**HOW TO COMPLETE THIS TASK:** The entries below contain a stretch that opens with the line containing "#10401 = CARTESIAN_POINT" and closes with the line containing "#16889 = DIRECTION"; set down that stretch exactly, both ends included, and nothing else.

--------

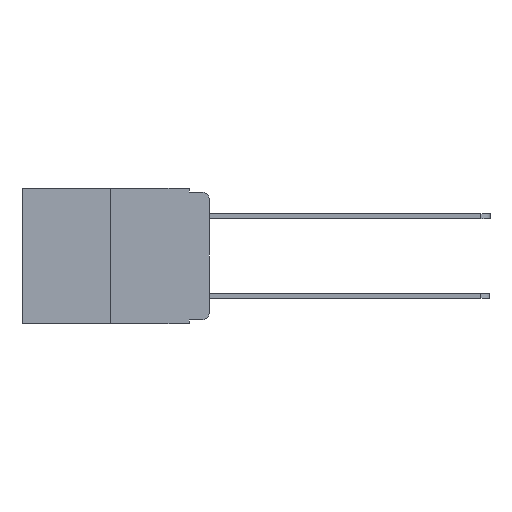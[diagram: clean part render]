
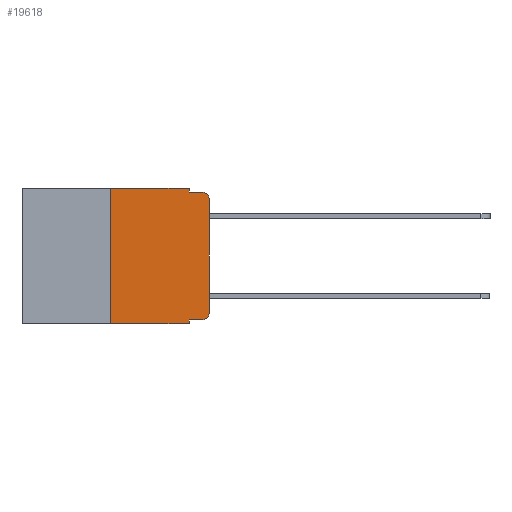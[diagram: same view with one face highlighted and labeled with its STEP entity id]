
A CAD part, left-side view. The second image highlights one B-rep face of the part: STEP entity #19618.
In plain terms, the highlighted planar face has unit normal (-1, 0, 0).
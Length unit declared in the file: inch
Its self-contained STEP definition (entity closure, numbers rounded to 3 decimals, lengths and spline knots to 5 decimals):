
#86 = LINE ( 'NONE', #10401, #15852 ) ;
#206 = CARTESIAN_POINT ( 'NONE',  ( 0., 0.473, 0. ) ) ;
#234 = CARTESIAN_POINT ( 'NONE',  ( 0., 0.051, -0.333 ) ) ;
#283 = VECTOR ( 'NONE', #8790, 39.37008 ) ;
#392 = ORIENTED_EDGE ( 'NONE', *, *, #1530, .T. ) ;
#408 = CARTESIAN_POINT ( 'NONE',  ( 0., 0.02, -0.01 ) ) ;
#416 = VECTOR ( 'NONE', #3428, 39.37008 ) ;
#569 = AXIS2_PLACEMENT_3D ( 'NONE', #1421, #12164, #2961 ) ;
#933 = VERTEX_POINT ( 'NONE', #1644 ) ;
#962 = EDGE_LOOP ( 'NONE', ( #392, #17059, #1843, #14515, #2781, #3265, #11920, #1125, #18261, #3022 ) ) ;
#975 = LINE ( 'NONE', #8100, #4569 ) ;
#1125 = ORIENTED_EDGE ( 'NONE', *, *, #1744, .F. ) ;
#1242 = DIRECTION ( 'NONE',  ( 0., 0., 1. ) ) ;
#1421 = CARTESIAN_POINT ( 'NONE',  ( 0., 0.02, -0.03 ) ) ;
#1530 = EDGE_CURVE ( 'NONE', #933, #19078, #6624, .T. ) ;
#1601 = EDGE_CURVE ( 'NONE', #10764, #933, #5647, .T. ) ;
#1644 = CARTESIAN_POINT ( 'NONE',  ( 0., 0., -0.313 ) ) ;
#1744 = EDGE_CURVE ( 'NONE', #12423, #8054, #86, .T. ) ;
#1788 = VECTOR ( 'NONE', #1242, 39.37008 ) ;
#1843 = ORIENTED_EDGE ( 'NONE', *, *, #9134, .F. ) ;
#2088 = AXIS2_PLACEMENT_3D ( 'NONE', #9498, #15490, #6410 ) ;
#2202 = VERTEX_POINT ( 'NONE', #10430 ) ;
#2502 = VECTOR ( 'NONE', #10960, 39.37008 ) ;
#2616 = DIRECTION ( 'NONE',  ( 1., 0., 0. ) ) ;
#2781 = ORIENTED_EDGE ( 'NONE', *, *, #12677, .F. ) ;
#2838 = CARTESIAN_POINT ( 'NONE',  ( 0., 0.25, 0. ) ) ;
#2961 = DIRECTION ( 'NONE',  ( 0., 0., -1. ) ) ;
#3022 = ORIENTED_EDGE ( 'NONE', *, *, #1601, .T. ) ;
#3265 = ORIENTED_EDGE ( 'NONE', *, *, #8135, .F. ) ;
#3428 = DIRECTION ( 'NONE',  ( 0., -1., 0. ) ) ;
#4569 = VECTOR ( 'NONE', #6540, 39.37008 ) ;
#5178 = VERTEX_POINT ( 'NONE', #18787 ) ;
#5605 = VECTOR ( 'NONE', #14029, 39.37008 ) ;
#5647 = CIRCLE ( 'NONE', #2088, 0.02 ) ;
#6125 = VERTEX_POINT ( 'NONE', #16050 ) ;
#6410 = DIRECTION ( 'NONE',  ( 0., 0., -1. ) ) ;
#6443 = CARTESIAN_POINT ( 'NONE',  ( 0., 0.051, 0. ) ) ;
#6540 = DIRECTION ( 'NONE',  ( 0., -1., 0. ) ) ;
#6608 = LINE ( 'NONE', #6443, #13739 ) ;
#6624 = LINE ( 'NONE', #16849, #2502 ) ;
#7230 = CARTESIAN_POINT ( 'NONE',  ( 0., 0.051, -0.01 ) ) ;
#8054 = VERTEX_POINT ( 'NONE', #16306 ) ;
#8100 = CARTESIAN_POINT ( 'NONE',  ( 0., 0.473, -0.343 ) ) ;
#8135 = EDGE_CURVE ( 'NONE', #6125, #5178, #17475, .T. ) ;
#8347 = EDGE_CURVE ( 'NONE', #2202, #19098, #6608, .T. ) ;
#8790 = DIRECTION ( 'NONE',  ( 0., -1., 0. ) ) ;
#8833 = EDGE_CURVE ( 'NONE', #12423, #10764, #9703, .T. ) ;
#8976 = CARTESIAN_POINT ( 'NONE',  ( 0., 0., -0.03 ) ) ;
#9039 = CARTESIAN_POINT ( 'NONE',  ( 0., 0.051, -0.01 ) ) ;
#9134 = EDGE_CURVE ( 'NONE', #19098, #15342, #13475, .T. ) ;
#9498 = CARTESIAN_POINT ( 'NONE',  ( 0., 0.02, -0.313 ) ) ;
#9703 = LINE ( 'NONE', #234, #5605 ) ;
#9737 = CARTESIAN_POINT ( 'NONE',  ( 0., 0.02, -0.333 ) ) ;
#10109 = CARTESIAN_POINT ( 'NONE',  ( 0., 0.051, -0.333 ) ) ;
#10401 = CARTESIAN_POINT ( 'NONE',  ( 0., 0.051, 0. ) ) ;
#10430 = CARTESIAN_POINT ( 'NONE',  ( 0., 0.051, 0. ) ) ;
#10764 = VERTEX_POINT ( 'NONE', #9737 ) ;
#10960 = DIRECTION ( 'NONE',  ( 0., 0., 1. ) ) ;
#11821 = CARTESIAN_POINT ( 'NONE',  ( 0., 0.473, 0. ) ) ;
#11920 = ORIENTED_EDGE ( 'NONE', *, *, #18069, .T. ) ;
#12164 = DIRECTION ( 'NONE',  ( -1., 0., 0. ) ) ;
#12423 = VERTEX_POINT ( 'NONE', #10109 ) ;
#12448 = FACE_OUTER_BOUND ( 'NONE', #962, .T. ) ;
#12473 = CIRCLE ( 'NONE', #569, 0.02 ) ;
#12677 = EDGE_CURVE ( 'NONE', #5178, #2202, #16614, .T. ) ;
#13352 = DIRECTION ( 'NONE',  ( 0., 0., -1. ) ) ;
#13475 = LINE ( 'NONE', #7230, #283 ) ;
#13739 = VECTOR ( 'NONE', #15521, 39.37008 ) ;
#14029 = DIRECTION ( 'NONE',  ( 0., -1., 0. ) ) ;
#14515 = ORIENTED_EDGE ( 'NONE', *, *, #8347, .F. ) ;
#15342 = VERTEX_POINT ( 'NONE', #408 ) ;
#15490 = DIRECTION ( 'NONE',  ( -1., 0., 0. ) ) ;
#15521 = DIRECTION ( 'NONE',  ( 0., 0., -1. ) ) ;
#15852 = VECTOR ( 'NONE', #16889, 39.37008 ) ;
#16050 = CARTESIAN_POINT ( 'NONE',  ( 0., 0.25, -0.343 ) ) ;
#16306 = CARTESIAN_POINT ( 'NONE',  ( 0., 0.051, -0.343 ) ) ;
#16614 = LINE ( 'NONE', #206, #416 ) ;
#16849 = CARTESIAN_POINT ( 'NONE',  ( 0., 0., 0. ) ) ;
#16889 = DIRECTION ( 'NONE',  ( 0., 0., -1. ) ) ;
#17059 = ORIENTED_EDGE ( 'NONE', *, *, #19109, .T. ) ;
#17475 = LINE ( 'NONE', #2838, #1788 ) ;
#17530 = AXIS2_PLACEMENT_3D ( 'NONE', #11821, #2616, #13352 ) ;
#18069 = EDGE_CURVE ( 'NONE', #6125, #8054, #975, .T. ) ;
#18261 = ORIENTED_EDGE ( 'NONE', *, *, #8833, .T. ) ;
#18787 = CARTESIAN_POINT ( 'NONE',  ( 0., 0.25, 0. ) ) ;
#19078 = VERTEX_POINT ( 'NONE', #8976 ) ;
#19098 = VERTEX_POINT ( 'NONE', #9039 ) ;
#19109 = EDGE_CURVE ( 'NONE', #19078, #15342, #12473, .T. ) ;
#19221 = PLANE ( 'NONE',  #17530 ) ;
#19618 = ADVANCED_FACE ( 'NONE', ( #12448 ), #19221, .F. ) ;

--------

**EXERCISE OUTPUT:**
#10401 = CARTESIAN_POINT ( 'NONE',  ( 0., 0.051, 0. ) ) ;
#10430 = CARTESIAN_POINT ( 'NONE',  ( 0., 0.051, 0. ) ) ;
#10764 = VERTEX_POINT ( 'NONE', #9737 ) ;
#10960 = DIRECTION ( 'NONE',  ( 0., 0., 1. ) ) ;
#11821 = CARTESIAN_POINT ( 'NONE',  ( 0., 0.473, 0. ) ) ;
#11920 = ORIENTED_EDGE ( 'NONE', *, *, #18069, .T. ) ;
#12164 = DIRECTION ( 'NONE',  ( -1., 0., 0. ) ) ;
#12423 = VERTEX_POINT ( 'NONE', #10109 ) ;
#12448 = FACE_OUTER_BOUND ( 'NONE', #962, .T. ) ;
#12473 = CIRCLE ( 'NONE', #569, 0.02 ) ;
#12677 = EDGE_CURVE ( 'NONE', #5178, #2202, #16614, .T. ) ;
#13352 = DIRECTION ( 'NONE',  ( 0., 0., -1. ) ) ;
#13475 = LINE ( 'NONE', #7230, #283 ) ;
#13739 = VECTOR ( 'NONE', #15521, 39.37008 ) ;
#14029 = DIRECTION ( 'NONE',  ( 0., -1., 0. ) ) ;
#14515 = ORIENTED_EDGE ( 'NONE', *, *, #8347, .F. ) ;
#15342 = VERTEX_POINT ( 'NONE', #408 ) ;
#15490 = DIRECTION ( 'NONE',  ( -1., 0., 0. ) ) ;
#15521 = DIRECTION ( 'NONE',  ( 0., 0., -1. ) ) ;
#15852 = VECTOR ( 'NONE', #16889, 39.37008 ) ;
#16050 = CARTESIAN_POINT ( 'NONE',  ( 0., 0.25, -0.343 ) ) ;
#16306 = CARTESIAN_POINT ( 'NONE',  ( 0., 0.051, -0.343 ) ) ;
#16614 = LINE ( 'NONE', #206, #416 ) ;
#16849 = CARTESIAN_POINT ( 'NONE',  ( 0., 0., 0. ) ) ;
#16889 = DIRECTION ( 'NONE',  ( 0., 0., -1. ) ) ;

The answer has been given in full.